The Anthropic Messages API (which EzAI is fully compatible with) sends these event types:

message_start — contains the message ID and model info
content_block_start — signals a new text block is beginning
content_block_delta — contains the actual generated text, chunk by chunk
content_block_stop — signals the text block is complete
message_delta — final usage stats (output tokens, stop reason)
message_stop — the stream is done

Server-Sent Events flow: one request, many small responses streamed in real-time

Stream with curl — Quick Test

The fastest way to see streaming in action. Add "stream": true to your request body and watch the events arrive:

bash

curl --no-buffer https://ezaiapi.com/v1/messages \
  -H "x-api-key: sk-your-key" \
  -H "anthropic-version: 2023-06-01" \
  -H "content-type: application/json" \
  -d '{
    "model": "claude-sonnet-4-5",
    "max_tokens": 256,
    "stream": true,
    "messages": [{"role": "user", "content": "Explain streaming in 3 sentences."}]
  }'

You'll see a rapid sequence of event: and data: lines. The --no-buffer flag is critical — without it, curl buffers the output and you won't see real-time chunks.

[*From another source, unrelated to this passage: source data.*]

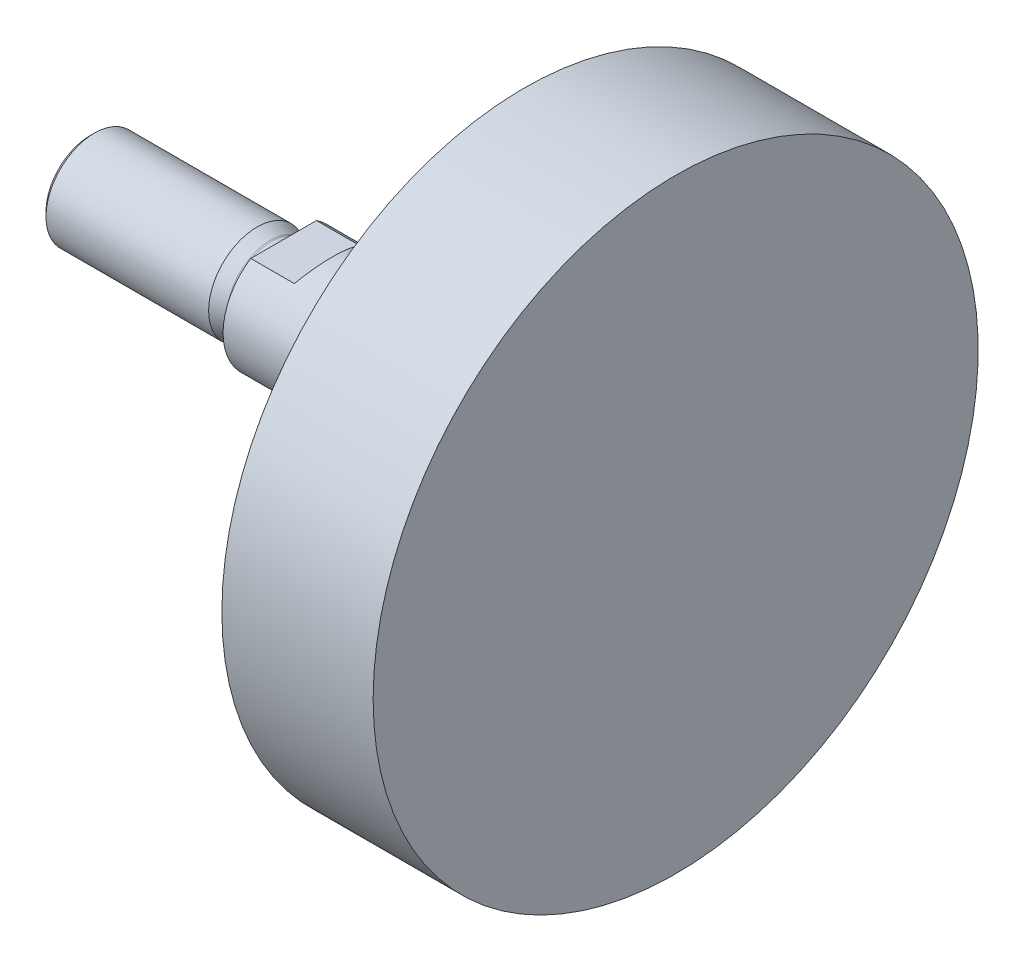
from build123d import *

# Parameters (mm, degrees)
SKETCH1_W               = 81
SKETCH1_H               = 12.5
SKETCH2_W               = 31.25
SKETCH2_H               = 62.5
CUT_EXTRUDE1_DEPTH      = 25
CUT_EXTRUDE1_DEPTH_BACK = 25


with BuildPart() as part:
    # Sketch1 → Revolve1 (revolve)
    with BuildSketch(Plane.XY):
        with Locations((29.5, 6.25)):
            Rectangle(SKETCH1_W, SKETCH1_H)
    revolve(axis=Axis((70, 0, 0), (-1, 0, 0)))

    # Sketch2 → Revolve2 (revolve)
    with BuildSketch(Plane.XY):
        with Locations((54.375, 31.25)):
            Rectangle(SKETCH2_W, SKETCH2_H)
    revolve(axis=Axis((70, 0, 0), (-1, 0, 0)))

    # Sketch3 → Revolve3 (revolve)
    with BuildSketch(Plane.XY):
        with BuildLine():
            Line((-51, 0), (-51, 9.08))
            Line((-51, 9.08), (-50.08, 10))
            Line((-50.08, 10), (-16.48485129, 10))
            Line((-16.48485129, 10), (-13.724269872, 8.995230534))
            ThreePointArc((-13.724269872, 8.995230534), (-13.597990898, 8.961394185), (-13.467754764, 8.95))
            Line((-13.467754764, 8.95), (-11.75, 8.95))
            ThreePointArc((-11.75, 8.95), (-11.219669914, 9.169669914), (-11, 9.7))
            Line((-11, 9.7), (-11, 10))
            Line((-11, 10), (-10, 10))
            Line((-10, 10), (-10, 0))
            Line((-10, 0), (-51, 0))
        make_face()
    revolve(axis=Axis((-10, 0, 0), (-1, 0, 0)))

    # Sketch4 → Cut-Extrude1 (cut, two sides: drawn at the far end of the back side and taken through both)
    with BuildSketch(Plane.XY.offset(-CUT_EXTRUDE1_DEPTH_BACK)):
        Polygon((-67, -28), (8.103629711, -28), (-2, -10.5), (-11, -10.5), (-11, -15.5), (-56, -15.5), (-56, 15.5), (-11, 15.5), (-11, 10.5), (-2, 10.5), (8.103629711, 28), (-67, 28), align=None)
    extrude(amount=CUT_EXTRUDE1_DEPTH + CUT_EXTRUDE1_DEPTH_BACK, mode=Mode.SUBTRACT)


solid = part.part
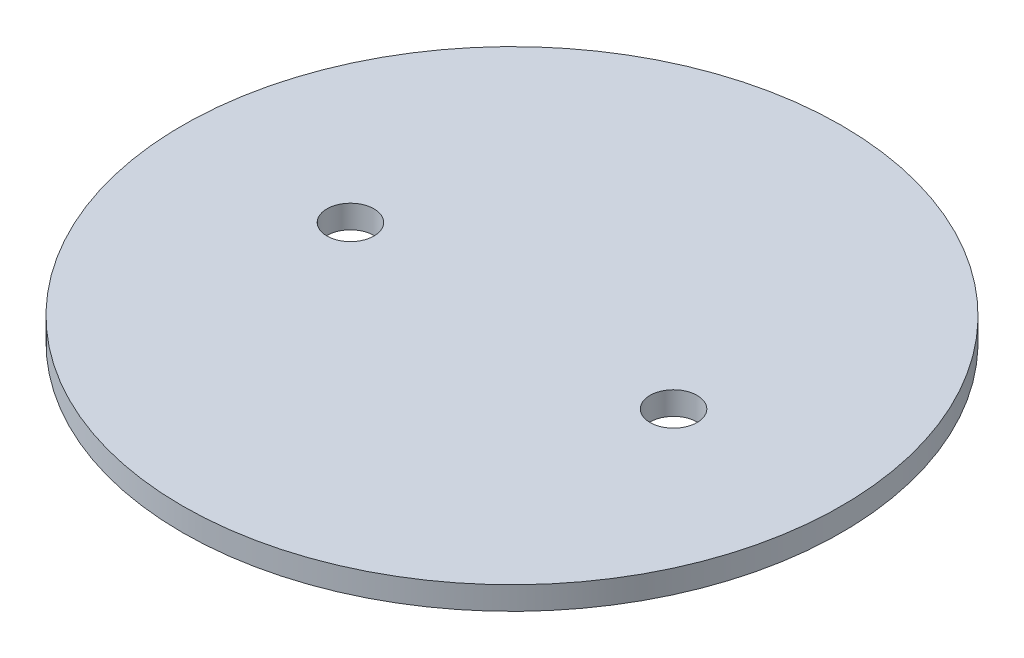
from build123d import *

# Parameters (mm, degrees)
SKETCH1_R           = 45.339
SKETCH1_R_2         = 3.2385
BOSS_EXTRUDE1_DEPTH = 3.175


with BuildPart() as part:
    # Sketch1 → Boss-Extrude1 (new body)
    with BuildSketch(Plane(origin=(0, 0, 0), x_dir=(1, 0, 0), z_dir=(0, 1, 0))):
        Circle(SKETCH1_R)
        with Locations((22.225, 0)):
            Circle(SKETCH1_R_2, mode=Mode.SUBTRACT)
        with Locations((-22.225, 0)):
            Circle(SKETCH1_R_2, mode=Mode.SUBTRACT)
    extrude(amount=BOSS_EXTRUDE1_DEPTH)


solid = part.part

Stream with Python (Anthropic SDK)

The official Anthropic Python SDK has first-class streaming support. Point it at ezaiapi.com and use the .stream() context manager:

python

import anthropic

client = anthropic.Anthropic(
    api_key="sk-your-key",
    base_url="https://ezaiapi.com"
)

with client.messages.stream(
    model="claude-sonnet-4-5",
    max_tokens=1024,
    messages=[{"role": "user", "content": "Write a haiku about APIs"}]
) as stream:
    for text in stream.text_stream:
        print(text, end="", flush=True)

# Get final message with usage stats
message = stream.get_final_message()
print(f"\nTokens used: {message.usage.input_tokens} in, {message.usage.output_tokens} out")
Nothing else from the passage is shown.